Problem statement: Your answer must be an exact copy of the lines from the one containing "- moved U4 0.10 mm to (120.0, 113.0)" through the last line of the records below, with no pictures; please include nothing else.

Exercise data:
┌──

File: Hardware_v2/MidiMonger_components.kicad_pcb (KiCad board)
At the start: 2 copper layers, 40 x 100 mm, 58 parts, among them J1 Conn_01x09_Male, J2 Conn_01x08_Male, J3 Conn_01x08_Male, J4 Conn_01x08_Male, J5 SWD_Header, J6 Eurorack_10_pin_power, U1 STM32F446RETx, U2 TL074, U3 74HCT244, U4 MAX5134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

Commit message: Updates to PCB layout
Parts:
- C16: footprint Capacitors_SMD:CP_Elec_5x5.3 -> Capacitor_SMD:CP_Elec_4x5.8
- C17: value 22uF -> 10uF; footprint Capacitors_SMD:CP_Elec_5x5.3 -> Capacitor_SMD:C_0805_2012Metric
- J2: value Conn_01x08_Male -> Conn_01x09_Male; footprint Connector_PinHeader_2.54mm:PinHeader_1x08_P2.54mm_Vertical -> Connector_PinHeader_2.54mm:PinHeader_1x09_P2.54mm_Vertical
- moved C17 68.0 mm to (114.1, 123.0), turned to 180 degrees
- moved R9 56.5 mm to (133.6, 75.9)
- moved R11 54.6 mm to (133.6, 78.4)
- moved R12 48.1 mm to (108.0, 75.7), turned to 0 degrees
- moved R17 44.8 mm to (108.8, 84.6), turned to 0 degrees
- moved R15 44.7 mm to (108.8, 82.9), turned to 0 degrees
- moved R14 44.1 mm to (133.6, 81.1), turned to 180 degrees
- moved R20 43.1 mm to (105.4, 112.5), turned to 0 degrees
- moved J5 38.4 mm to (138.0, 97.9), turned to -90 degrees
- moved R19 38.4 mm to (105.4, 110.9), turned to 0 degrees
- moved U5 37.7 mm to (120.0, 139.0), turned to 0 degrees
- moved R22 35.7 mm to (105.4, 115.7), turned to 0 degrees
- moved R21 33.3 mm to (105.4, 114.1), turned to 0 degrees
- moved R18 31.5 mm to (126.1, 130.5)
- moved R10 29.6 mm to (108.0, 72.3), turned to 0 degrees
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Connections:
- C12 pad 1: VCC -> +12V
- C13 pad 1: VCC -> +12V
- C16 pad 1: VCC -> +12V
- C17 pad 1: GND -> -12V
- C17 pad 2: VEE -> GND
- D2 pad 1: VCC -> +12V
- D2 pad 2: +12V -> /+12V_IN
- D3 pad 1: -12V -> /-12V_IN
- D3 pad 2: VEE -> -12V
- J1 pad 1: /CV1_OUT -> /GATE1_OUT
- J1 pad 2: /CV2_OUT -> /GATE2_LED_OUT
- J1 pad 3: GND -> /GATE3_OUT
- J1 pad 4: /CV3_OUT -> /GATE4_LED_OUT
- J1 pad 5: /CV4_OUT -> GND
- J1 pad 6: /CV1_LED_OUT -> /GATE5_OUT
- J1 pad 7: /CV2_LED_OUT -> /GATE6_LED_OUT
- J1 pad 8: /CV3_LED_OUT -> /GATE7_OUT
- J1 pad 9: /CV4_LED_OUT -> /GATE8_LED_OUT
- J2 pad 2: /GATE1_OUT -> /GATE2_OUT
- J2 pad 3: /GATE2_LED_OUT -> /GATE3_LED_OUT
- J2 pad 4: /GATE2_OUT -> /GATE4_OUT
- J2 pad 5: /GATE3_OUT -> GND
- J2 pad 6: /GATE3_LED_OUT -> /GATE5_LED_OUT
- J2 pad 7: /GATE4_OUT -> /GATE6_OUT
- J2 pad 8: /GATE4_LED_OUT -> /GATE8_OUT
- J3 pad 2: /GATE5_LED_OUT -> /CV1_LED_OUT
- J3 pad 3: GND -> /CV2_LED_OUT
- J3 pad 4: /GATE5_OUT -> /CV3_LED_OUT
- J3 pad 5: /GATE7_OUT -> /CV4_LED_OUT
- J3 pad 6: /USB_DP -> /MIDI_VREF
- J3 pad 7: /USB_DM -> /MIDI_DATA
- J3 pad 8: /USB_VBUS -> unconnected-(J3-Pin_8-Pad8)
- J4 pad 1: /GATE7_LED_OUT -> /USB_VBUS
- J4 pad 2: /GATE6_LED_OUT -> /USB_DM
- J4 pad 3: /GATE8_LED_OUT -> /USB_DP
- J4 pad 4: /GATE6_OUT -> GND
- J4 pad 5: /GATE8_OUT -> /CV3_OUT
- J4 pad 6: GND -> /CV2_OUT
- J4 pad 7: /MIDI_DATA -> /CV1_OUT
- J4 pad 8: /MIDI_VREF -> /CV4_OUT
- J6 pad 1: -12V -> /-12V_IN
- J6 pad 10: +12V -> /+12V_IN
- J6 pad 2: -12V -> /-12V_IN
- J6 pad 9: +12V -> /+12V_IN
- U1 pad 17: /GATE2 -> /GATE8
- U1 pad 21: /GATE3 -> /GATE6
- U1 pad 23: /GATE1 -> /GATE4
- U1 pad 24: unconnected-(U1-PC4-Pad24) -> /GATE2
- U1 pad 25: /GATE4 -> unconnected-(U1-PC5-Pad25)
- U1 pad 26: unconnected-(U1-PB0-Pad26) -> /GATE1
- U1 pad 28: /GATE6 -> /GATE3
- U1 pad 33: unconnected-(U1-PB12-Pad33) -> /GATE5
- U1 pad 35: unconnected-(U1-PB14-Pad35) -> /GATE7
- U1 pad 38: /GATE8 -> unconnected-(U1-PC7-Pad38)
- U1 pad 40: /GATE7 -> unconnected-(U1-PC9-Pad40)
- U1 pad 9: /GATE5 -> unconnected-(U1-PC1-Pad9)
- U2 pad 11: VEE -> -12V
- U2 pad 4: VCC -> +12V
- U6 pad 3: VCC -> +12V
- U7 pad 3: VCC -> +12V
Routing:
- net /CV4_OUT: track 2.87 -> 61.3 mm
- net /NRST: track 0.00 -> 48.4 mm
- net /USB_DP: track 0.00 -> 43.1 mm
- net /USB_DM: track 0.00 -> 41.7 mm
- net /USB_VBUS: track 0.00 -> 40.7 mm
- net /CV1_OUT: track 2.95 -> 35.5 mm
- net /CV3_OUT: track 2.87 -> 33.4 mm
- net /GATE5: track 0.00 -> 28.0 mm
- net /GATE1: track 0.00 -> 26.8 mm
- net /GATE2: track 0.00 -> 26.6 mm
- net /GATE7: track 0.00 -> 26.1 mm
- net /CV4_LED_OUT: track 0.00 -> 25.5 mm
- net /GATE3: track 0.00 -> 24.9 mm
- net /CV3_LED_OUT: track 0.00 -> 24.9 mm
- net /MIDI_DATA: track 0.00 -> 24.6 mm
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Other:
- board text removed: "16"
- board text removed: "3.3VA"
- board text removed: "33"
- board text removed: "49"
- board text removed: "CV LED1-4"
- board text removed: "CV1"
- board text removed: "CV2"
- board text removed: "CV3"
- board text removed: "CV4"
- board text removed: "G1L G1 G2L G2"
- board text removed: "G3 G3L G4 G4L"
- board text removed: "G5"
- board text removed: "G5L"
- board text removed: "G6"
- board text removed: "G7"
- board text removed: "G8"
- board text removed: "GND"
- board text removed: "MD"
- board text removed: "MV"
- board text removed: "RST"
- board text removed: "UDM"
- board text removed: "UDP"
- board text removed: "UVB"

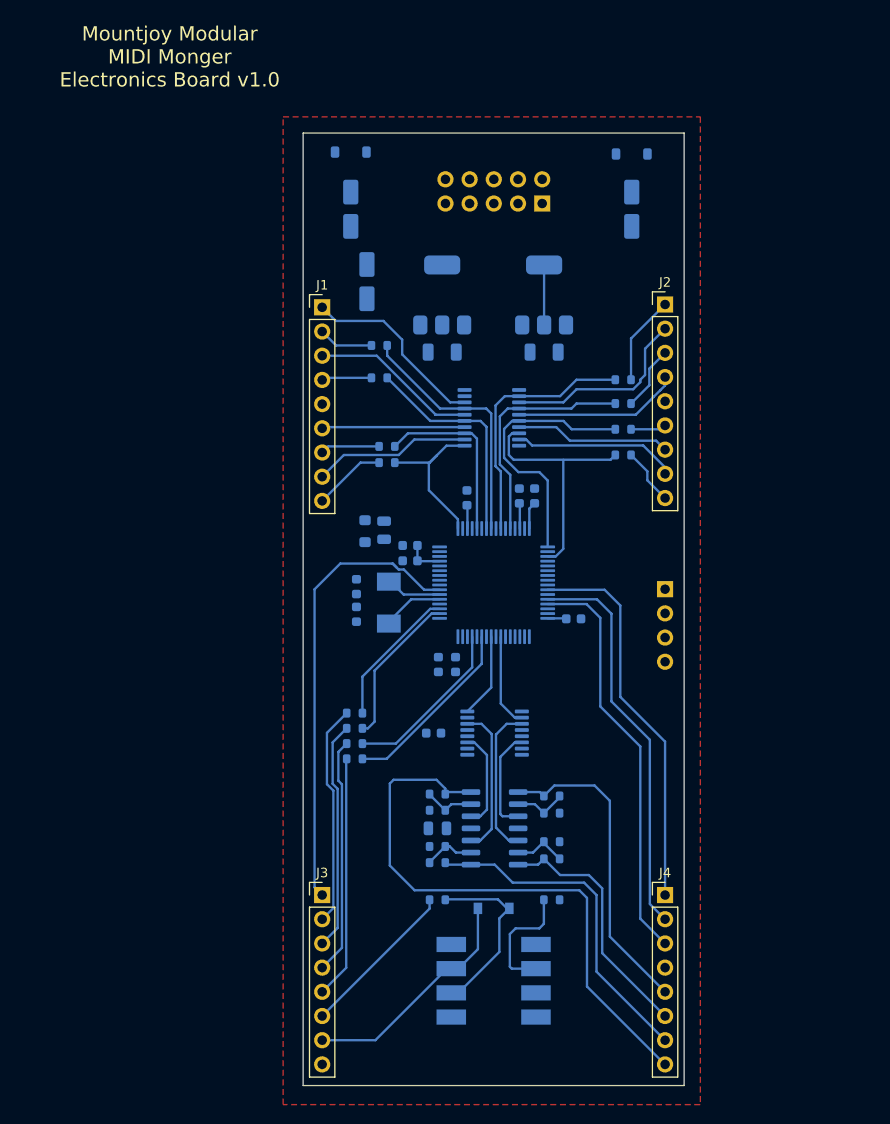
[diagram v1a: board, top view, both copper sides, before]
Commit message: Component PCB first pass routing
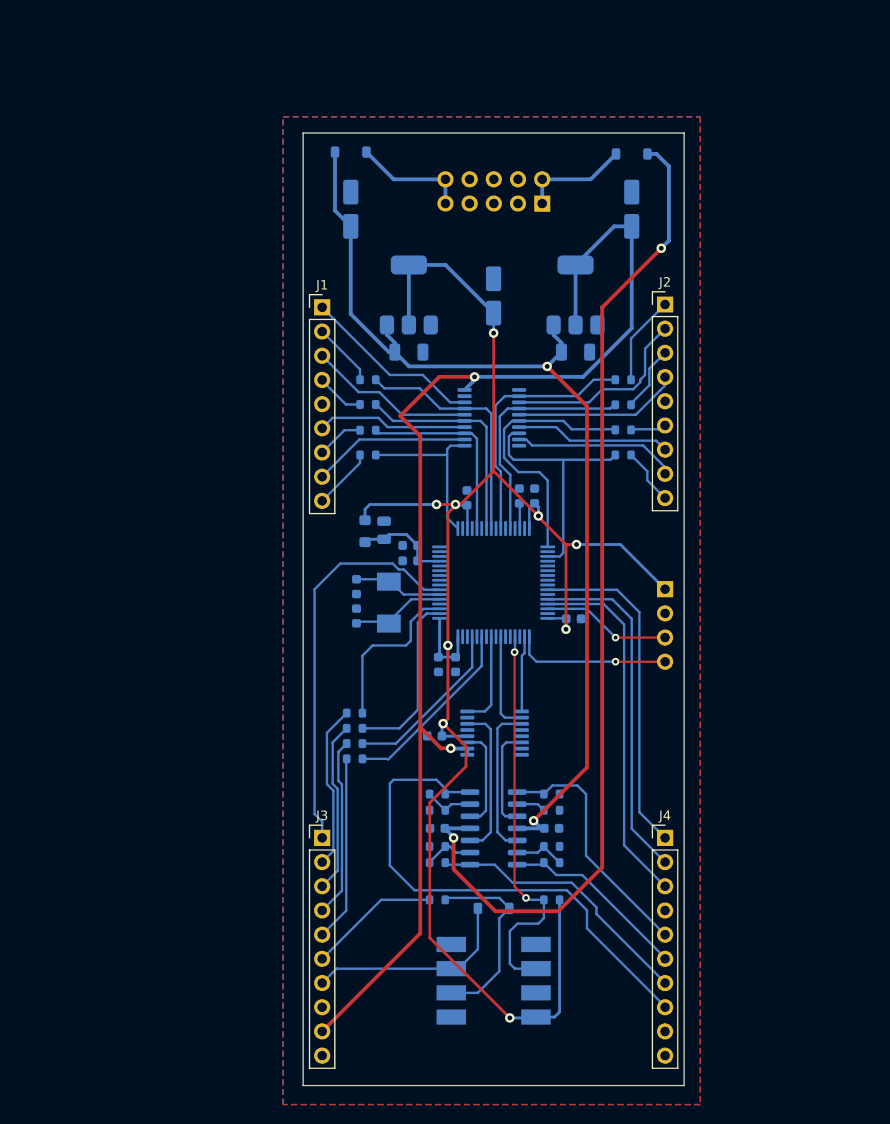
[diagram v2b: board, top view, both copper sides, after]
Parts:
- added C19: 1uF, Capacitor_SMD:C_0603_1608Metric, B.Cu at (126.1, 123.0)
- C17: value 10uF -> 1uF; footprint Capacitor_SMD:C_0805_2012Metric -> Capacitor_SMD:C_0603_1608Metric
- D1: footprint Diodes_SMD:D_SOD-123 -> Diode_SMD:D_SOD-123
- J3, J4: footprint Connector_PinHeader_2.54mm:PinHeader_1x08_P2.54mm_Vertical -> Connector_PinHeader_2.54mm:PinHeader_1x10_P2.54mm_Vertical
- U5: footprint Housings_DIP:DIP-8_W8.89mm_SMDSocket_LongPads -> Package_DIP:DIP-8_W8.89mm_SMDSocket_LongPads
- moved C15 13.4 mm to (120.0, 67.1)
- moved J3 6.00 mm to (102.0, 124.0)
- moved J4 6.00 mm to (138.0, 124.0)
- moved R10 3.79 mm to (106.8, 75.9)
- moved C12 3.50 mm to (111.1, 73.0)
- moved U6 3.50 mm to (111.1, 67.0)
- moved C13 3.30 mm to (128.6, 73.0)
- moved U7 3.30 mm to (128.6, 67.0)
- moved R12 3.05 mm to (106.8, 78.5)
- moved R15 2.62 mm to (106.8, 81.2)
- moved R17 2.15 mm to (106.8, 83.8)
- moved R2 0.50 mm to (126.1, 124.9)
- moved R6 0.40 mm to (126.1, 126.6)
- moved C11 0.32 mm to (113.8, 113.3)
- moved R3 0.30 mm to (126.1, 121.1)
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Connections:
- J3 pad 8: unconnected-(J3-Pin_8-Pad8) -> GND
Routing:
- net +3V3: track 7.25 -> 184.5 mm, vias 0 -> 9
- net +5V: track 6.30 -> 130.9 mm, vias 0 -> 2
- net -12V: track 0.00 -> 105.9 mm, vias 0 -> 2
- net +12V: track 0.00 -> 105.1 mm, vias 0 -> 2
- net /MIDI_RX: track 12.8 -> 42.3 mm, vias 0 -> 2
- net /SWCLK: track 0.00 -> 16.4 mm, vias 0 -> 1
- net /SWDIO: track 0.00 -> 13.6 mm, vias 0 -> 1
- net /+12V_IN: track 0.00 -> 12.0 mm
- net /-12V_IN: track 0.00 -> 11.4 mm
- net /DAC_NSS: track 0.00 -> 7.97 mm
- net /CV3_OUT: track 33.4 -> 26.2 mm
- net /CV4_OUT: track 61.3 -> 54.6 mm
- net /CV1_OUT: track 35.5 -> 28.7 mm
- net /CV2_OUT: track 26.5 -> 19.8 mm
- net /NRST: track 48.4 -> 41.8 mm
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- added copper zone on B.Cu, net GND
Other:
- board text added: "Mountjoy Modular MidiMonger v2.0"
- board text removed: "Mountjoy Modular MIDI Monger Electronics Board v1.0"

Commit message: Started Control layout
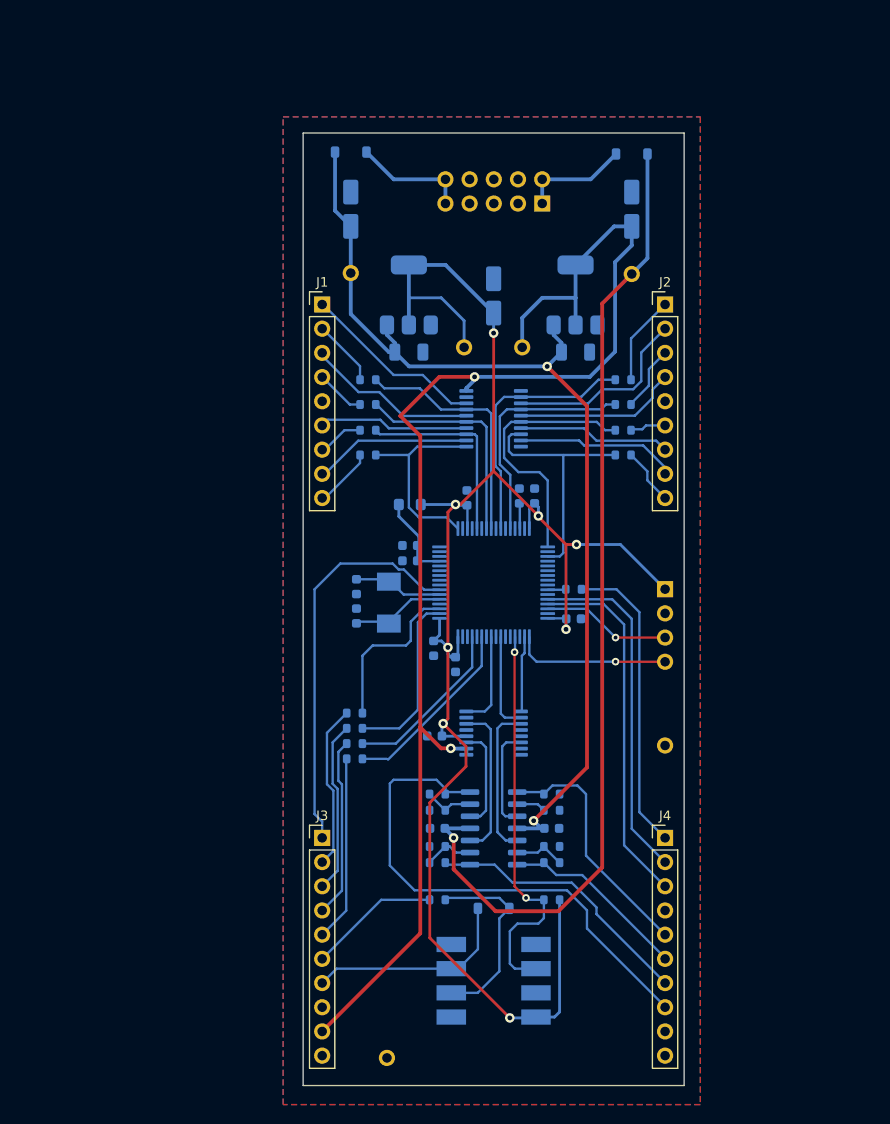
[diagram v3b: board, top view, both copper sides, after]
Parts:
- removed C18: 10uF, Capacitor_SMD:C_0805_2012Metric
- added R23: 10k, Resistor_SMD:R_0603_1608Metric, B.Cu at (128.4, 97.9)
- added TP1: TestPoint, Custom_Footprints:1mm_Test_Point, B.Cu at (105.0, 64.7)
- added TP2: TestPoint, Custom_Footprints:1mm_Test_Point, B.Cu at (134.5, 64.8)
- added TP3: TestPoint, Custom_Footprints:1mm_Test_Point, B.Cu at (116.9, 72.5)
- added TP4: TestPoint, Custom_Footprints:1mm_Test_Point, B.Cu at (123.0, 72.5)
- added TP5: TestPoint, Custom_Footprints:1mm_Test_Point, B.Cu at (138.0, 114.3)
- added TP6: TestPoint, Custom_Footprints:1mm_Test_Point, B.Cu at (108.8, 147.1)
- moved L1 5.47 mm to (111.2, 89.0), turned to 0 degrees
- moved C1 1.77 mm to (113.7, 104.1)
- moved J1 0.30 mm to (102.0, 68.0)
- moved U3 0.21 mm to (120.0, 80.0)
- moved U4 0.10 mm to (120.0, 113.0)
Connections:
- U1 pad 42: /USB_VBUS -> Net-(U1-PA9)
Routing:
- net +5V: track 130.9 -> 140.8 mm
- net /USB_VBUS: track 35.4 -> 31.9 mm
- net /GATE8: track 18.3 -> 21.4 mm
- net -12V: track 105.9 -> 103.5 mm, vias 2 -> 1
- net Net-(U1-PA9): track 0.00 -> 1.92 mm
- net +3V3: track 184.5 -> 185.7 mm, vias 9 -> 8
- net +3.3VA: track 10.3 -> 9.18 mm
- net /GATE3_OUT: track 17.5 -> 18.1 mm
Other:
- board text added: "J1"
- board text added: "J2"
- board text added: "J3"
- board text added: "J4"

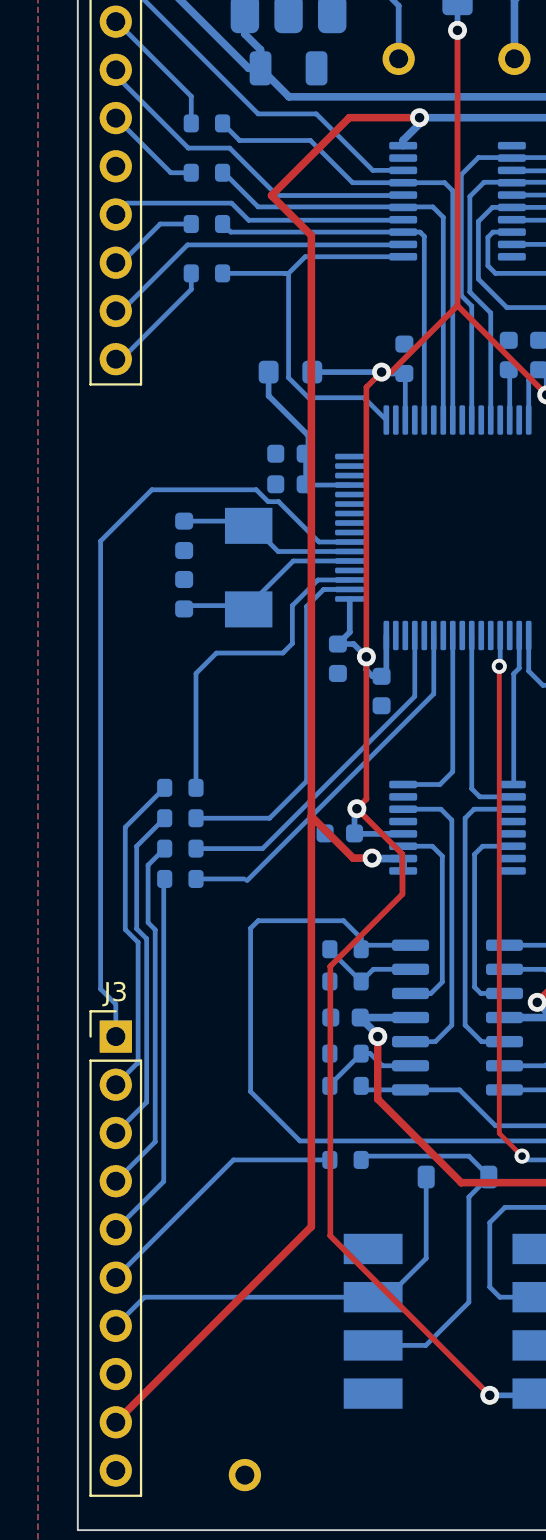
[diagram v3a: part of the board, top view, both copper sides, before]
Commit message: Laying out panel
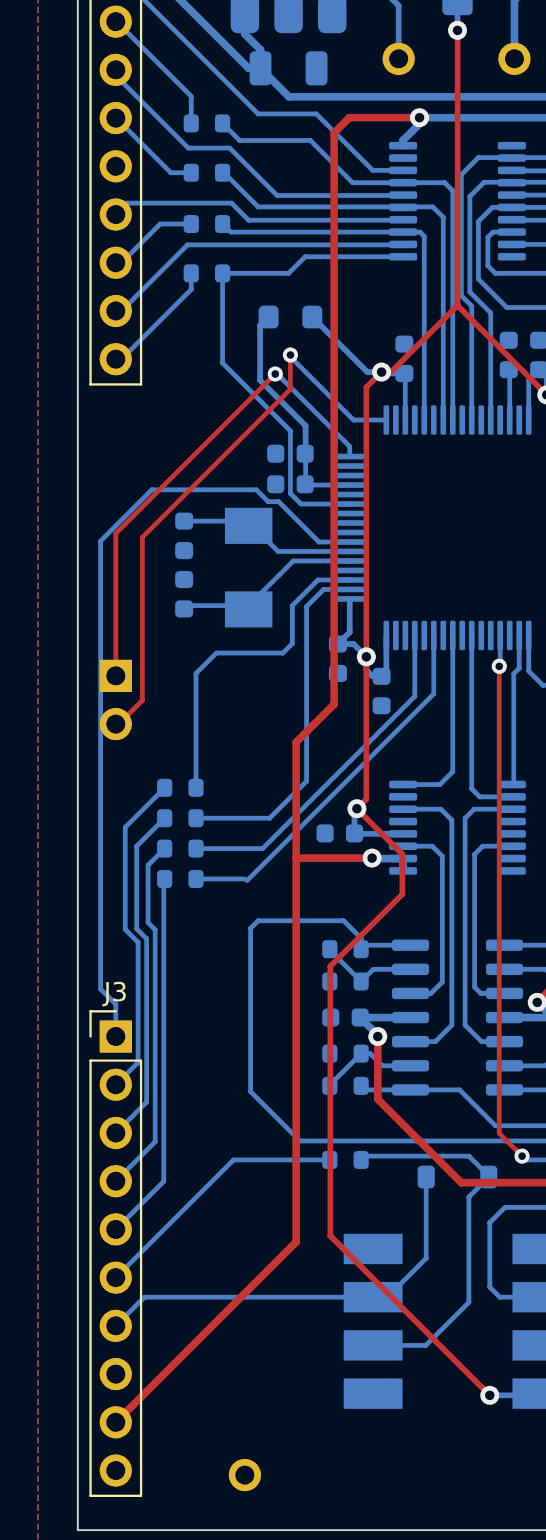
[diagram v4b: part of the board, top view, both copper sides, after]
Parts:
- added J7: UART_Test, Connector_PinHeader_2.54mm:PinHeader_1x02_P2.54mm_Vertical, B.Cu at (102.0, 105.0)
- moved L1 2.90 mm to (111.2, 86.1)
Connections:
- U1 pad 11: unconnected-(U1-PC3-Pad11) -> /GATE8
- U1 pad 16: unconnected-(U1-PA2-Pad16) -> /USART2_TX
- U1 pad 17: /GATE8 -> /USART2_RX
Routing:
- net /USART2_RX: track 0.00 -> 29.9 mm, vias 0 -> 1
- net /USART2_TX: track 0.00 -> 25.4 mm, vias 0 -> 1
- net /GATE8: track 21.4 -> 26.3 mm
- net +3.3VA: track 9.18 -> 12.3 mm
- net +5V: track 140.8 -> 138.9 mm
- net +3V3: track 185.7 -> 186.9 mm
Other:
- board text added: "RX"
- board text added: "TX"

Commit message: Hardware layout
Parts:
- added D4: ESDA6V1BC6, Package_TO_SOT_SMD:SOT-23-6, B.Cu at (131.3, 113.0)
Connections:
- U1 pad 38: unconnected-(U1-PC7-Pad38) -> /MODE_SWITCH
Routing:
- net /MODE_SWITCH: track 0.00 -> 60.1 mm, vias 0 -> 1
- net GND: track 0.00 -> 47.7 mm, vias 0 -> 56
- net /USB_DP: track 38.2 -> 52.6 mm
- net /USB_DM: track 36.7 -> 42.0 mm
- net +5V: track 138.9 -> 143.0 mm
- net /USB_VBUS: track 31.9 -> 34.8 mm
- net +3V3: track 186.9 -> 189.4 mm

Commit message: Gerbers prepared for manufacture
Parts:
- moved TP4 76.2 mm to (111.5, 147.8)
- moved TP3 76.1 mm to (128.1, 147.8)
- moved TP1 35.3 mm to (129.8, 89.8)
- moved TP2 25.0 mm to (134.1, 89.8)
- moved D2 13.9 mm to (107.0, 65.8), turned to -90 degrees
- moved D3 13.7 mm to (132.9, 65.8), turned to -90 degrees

└──

Your response:
- moved U4 0.10 mm to (120.0, 113.0)
Connections:
- U1 pad 42: /USB_VBUS -> Net-(U1-PA9)
Routing:
- net +5V: track 130.9 -> 140.8 mm
- net /USB_VBUS: track 35.4 -> 31.9 mm
- net /GATE8: track 18.3 -> 21.4 mm
- net -12V: track 105.9 -> 103.5 mm, vias 2 -> 1
- net Net-(U1-PA9): track 0.00 -> 1.92 mm
- net +3V3: track 184.5 -> 185.7 mm, vias 9 -> 8
- net +3.3VA: track 10.3 -> 9.18 mm
- net /GATE3_OUT: track 17.5 -> 18.1 mm
Other:
- board text added: "J1"
- board text added: "J2"
- board text added: "J3"
- board text added: "J4"

[diagram v3a: part of the board, top view, both copper sides, before]
Commit message: Laying out panel
[diagram v4b: part of the board, top view, both copper sides, after]
Parts:
- added J7: UART_Test, Connector_PinHeader_2.54mm:PinHeader_1x02_P2.54mm_Vertical, B.Cu at (102.0, 105.0)
- moved L1 2.90 mm to (111.2, 86.1)
Connections:
- U1 pad 11: unconnected-(U1-PC3-Pad11) -> /GATE8
- U1 pad 16: unconnected-(U1-PA2-Pad16) -> /USART2_TX
- U1 pad 17: /GATE8 -> /USART2_RX
Routing:
- net /USART2_RX: track 0.00 -> 29.9 mm, vias 0 -> 1
- net /USART2_TX: track 0.00 -> 25.4 mm, vias 0 -> 1
- net /GATE8: track 21.4 -> 26.3 mm
- net +3.3VA: track 9.18 -> 12.3 mm
- net +5V: track 140.8 -> 138.9 mm
- net +3V3: track 185.7 -> 186.9 mm
Other:
- board text added: "RX"
- board text added: "TX"

Commit message: Hardware layout
Parts:
- added D4: ESDA6V1BC6, Package_TO_SOT_SMD:SOT-23-6, B.Cu at (131.3, 113.0)
Connections:
- U1 pad 38: unconnected-(U1-PC7-Pad38) -> /MODE_SWITCH
Routing:
- net /MODE_SWITCH: track 0.00 -> 60.1 mm, vias 0 -> 1
- net GND: track 0.00 -> 47.7 mm, vias 0 -> 56
- net /USB_DP: track 38.2 -> 52.6 mm
- net /USB_DM: track 36.7 -> 42.0 mm
- net +5V: track 138.9 -> 143.0 mm
- net /USB_VBUS: track 31.9 -> 34.8 mm
- net +3V3: track 186.9 -> 189.4 mm

Commit message: Gerbers prepared for manufacture
Parts:
- moved TP4 76.2 mm to (111.5, 147.8)
- moved TP3 76.1 mm to (128.1, 147.8)
- moved TP1 35.3 mm to (129.8, 89.8)
- moved TP2 25.0 mm to (134.1, 89.8)
- moved D2 13.9 mm to (107.0, 65.8), turned to -90 degrees
- moved D3 13.7 mm to (132.9, 65.8), turned to -90 degrees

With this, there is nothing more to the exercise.